Hosting Paul in Jerusalem in AD 57-58 was an act of theological courage. Paul was arriving with a Gentile delegation and a financial gift, a mission he described as the enacted fulfillment of Isaiah's Gentile-inclusion prophecies (Romans 15:16: "a minister of Christ Jesus to the Gentiles in the priestly service of the gospel of God, so that the offering of the Gentiles may be acceptable"). James and the Jerusalem elders knew the city was full of Jews who believed but were "all zealous for the law" and had heard rumors that Paul was teaching Jews among the Gentiles to abandon Moses (Acts 21:20-21). The visit would end in riot and arrest (21:27-36). Mnason opened his home to this mission knowing the political climate.

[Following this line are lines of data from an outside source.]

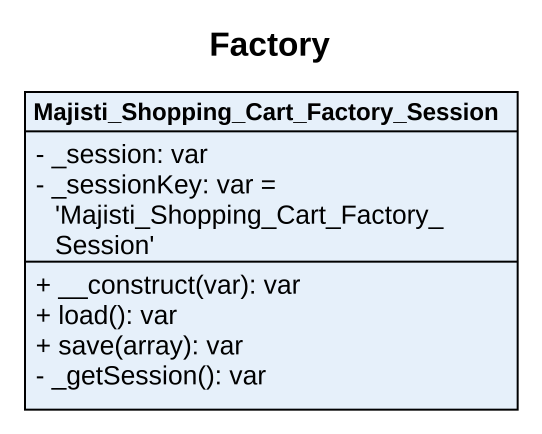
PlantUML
@startuml
title Factory
hide circle
hide empty members
skinparam classAttributeIconSize 0
class "Majisti_Shopping_Cart_Factory_Session" as Majisti_Shopping_Cart {
  - _session: var
  - _sessionKey: var = 'Majisti_Shopping_Cart_Factory_Session'
  + __construct(var): var
  + load(): var
  + save(array): var
  - _getSession(): var
}
@enduml

Mnason of Cyprus in the Sanctum

Mnason is the Sanctum's figure of quiet, costly hospitality, the one who opens the door when the mission is unwelcome and the crowd is hostile. His single verse carries one of the most resonant phrases in Acts: archaios mathētēs, the early disciple. He honors YHWH not through recorded proclamation or miracle, but through the opened house at the exact moment it was needed most.